Tom tried to think through the confusion of articles, then shook his head. It didn't matter if it was all a dream of Old Joe's. Or rather, of course it did, since dreams couldn't possibly kill them, and real, pissed-off shifters on a rampage could. But . . . but for now, not knowing to which aspect of Old Joe he was addressing himself, he had to treat the thing as if it were deadly serious. "Is there some way they could figure out who we are? Since you didn't tell him? And why did he come to you?"
"He didn't come to me," Old Joe said, somewhat defensively. "He came to the diner because of the smell that attracts shifters, you know. And then he figured this is where all shifters came. And he recognized me. So he asked. I didn't tell him." He folded his gnarled hands in front of him, on the formica table, looking for all the world like a schoolboy who expects a reward, then looked up and smiled a little. "I wouldn't worry. You're safe. I saw Dante Dire again, just a little later. When your girl and that policeman . . . what's his name? When they went out, he got in a car and followed them." He patted Tom's hand, reassuringly. "So, you see, you are safe."
Tom didn't feel at all reassured.
* * *
"So . . . what have we learned, children?" Kyrie said, in a singsong voice, as she dressed herself in the chilly bathroom. "We've learned that shifters piss."
She and Rafiel had gone all over the aquarium. Much to her chagrin, she had confirmed Rafiel's smelling of a shifter around the aquarium and up the stairs to the little observation area over the shark tank, where the smell became far more intense, as though the shift
er had lingered there.
But that was all she'd learned. The only thing she could contribute—as she walked out of the ladies' room, to meet the again-human Rafiel, outside his bathroom—marked salmon, according to some bizarre logic where all salmons were male, she guessed—was, "I could smell it strongest in the ladies' room."
"Really?"
"Really. So I'm guessing that shifters piss," she said, with an attempt at a smile.
But Rafiel frowned at her, as though lost in intense thought. "And that it's a female."
Kyrie immediately felt like slapping her forehead. That hadn't even occurred to her. "Or that. Or of course, it comes in after hours and isn't sure whether it's shad roe or salmon. Not that I can blame him . . . er . . . her . . . it there."
This got her a very brief smile. "I'm more worried that it lives here."
"What do you mean . . . Oh.

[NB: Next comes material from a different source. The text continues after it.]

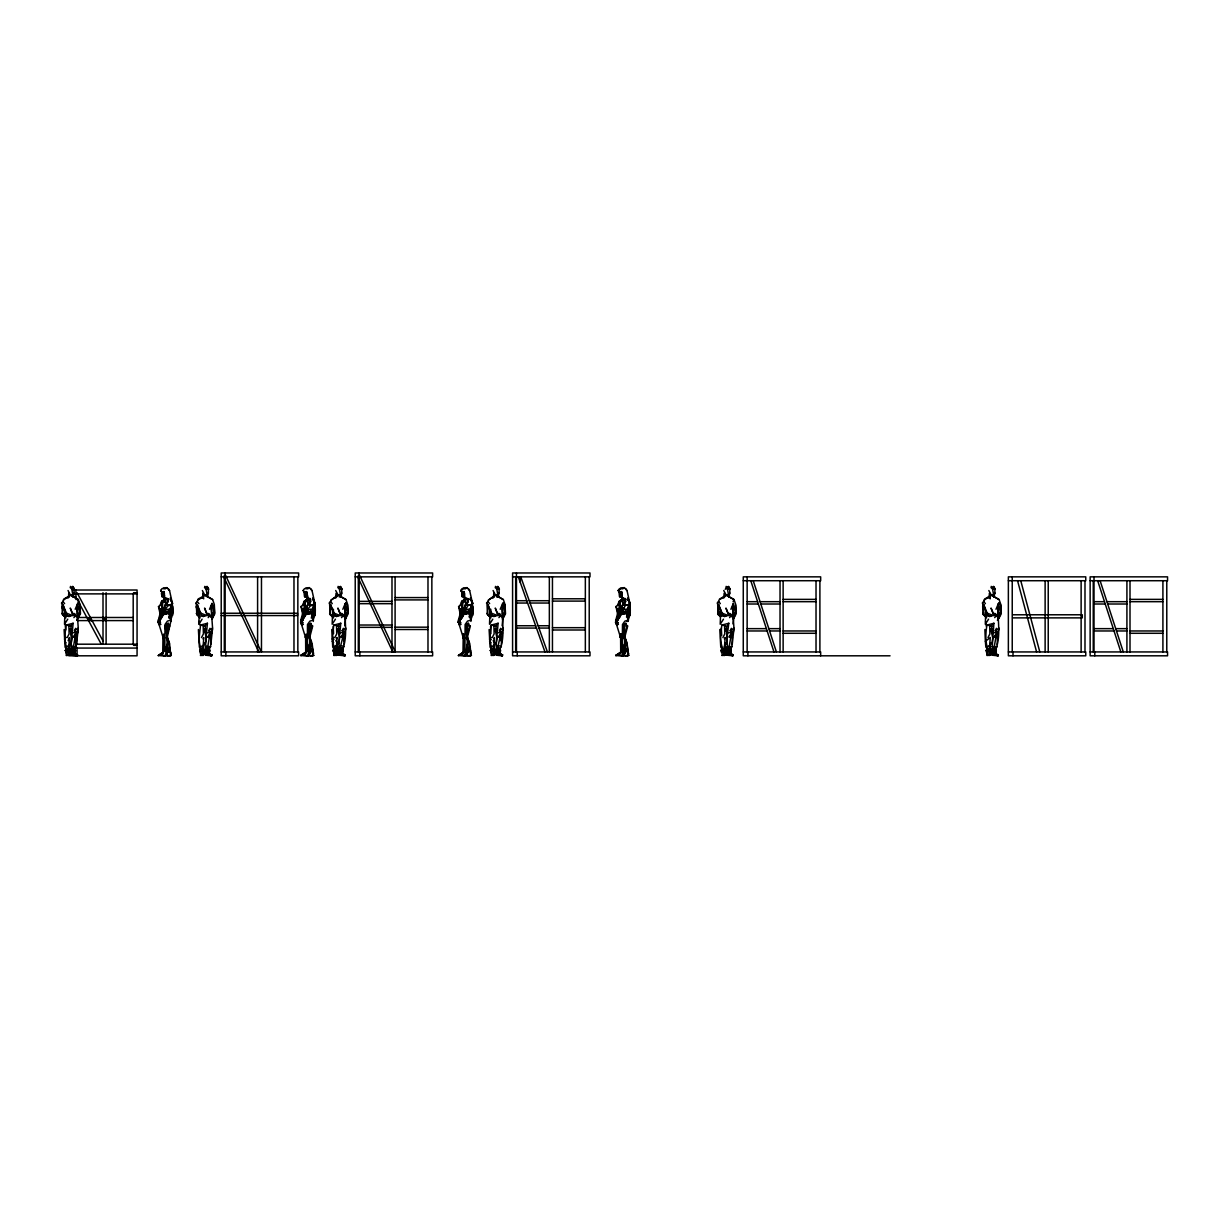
<?xml version="1.0" encoding="UTF-8"?>
<svg xmlns="http://www.w3.org/2000/svg" width="1229" height="1229" viewBox="0 0 1229 1229"><rect width="100%" height="100%" fill="white"/><g stroke="black" fill="none" stroke-linecap="round" stroke-linejoin="round"><path stroke-width="1.5" d="M69.623 651.124L70.545 651.877L70.053 653.92L69.039 655.364L67.149 655.211L65.352 650.494L65.828 649.358L68.117 649.911L68.655 648.912L69.469 637.544L68.148 640.662M333.382 612.334L333.412 609.246M490.74 612.334L490.77 609.246M64.999 611.212L65.89 617.864L62.51 614.623L62.909 604.545L64.999 611.212L64.507 624.24L67.779 619.17M200.189 617.864L196.824 614.623L197.224 604.545L199.298 611.212L198.821 624.24L202.094 619.17M332.644 611.212L333.535 617.864L330.171 614.623L330.57 604.545L332.644 611.212L332.168 624.24L335.44 619.17M490.002 611.212L490.893 617.864L487.529 614.623L487.928 604.545L490.002 611.212L489.526 624.24L492.798 619.17M720.455 616.789L718.212 614.623L718.612 604.545L720.686 611.212L720.209 624.24L723.482 619.17M986.672 617.864L983.308 614.623L983.707 604.545L985.781 611.212L985.305 624.24L988.577 619.17M64.108 629.54L65.076 647.13L67.272 649.926L68.686 655.334L70.529 653.782L77.412 655.81L74.139 652.353L72.45 652.046L72.096 649.496L73.248 647.913L75.107 648.528L75.522 650.878L74.308 653.582L77.504 654.857L77.412 655.81L71.39 655.211L71.62 653.244L76.275 646.638L76.644 637.068M201.464 655.211L199.851 651.8L200.143 649.358L204.844 651.877L203.338 655.364L201.925 654.442L200.419 655.456L203 655.334L204.844 653.782L211.711 655.81L208.438 652.353L206.749 652.046L206.395 649.496L207.547 647.913L209.406 648.528L209.821 650.878L208.623 653.582L211.818 654.857L211.711 655.81L205.689 655.211L205.934 653.244L210.589 646.638L210.958 637.068M337.284 651.124L338.19 651.877L336.685 655.364L335.271 654.442L333.75 655.456L336.347 655.334L338.19 653.782L345.057 655.81L340.756 650.387L341.969 653.582L345.165 654.857L345.057 655.81L339.035 655.211L339.281 653.244L343.936 646.638L344.304 637.068M494.642 651.124L495.548 651.877L494.043 655.364L492.645 654.442L491.124 655.456L493.705 655.334L495.548 653.782L502.415 655.81L498.114 650.387L499.327 653.582L502.523 654.857L502.415 655.81L496.393 655.211L496.639 653.244L501.294 646.638L501.662 637.068M731.347 628.311L730.226 630.707L731.762 632.213L727.568 632.95L728.812 623.272L725.709 628.987C730.149 633.872 724.173 642.828 728.428 647.483L730.011 653.582L733.206 654.857L733.098 655.81L727.076 655.211L727.322 653.244L731.977 646.638L732.346 637.068M987.947 655.211L986.334 651.8L986.626 649.358L991.327 651.877L989.821 655.364L988.408 654.442L986.902 655.456L989.483 655.334L991.327 653.782L998.194 655.81L994.922 652.353L993.232 652.046L992.878 649.496L994.031 647.913L995.889 648.528L996.304 650.878L995.106 653.582L998.301 654.857L998.194 655.81L992.172 655.211L992.417 653.244L997.072 646.638L997.441 637.068M70.161 587.57L71.728 588.906L73.248 597.064L74.047 592.962M204.475 587.57L206.042 588.906L207.563 597.064L208.362 592.962M337.821 587.57L339.388 588.906L340.909 597.064L341.708 592.962M495.179 587.57L496.746 588.906L498.267 597.064L499.066 592.962M725.863 587.57L727.43 588.906L728.951 597.064L729.749 592.962M990.958 587.57L992.525 588.906L994.046 597.064L994.845 592.962M68.855 653.429L70.053 653.92L68.701 647.837L69.331 645.087L66.043 647.099M203.154 653.429L204.367 653.92L203.015 647.837L203.784 637.544L202.939 638.834M336.5 653.429L337.714 653.92L336.362 647.837L337.13 637.544L336.285 638.834M493.874 653.429L495.072 653.92L493.72 647.837L494.488 637.544L493.643 638.834M722.375 655.103L724.726 655.364L723.313 654.442L721.807 655.456L724.726 655.364L725.755 653.92L724.403 647.837L725.171 637.544L724.327 638.834M989.637 653.429L990.851 653.92L989.499 647.837L990.267 637.544L985.366 641.338L985.858 647.13L994.292 655.287L998.301 654.857L997.472 655.81M163.672 634.072L163.242 653.306L161.89 654.796L158.249 655.564L166.683 655.472L167.774 642.613L165.393 625.73L166.622 624.209L167.19 642.06L165.531 655.963L158.649 655.18L163.518 652.031L158.249 655.564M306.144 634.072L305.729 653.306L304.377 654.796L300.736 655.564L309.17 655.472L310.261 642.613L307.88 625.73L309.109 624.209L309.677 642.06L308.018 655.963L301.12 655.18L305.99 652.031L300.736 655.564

You mean one of the sharks?"
He nodded. "I tried smelling the covering to the tank at the top, where they open to feed them and to go in and clean, but couldn't smell anything. Hell, the smell through half of this place is faint. But I think I detect a trace of whatever it is they use to clean the aquariums with, and I wonder . . ."
"But wouldn't they go nuts, staying shifted and in the aquarium the whole time?" Kyrie asked.
Rafiel shrugged. "I have no idea. Truly. You see . . . sometimes I think that if I lived somewhere in Africa, I'd just walk out one day into the savannah, and become a lion, and never, ever, ever change back."
Kyrie stared at him, shocked. She'd always thought of the three of them, Rafiel was the best adjusted. He had a family who knew what he was and collaborated in hiding him. He had the job he wanted to have, the job he'd dreamed about as a little boy. If anything he'd seemed in danger of being conceited and full of himself, not lost and full of doubt. But as he said those words, she felt as if he'd undressed. His expression had for a moment become innocent and vulnerable, making him look like a confused young man faced with something he couldn't understand nor deny.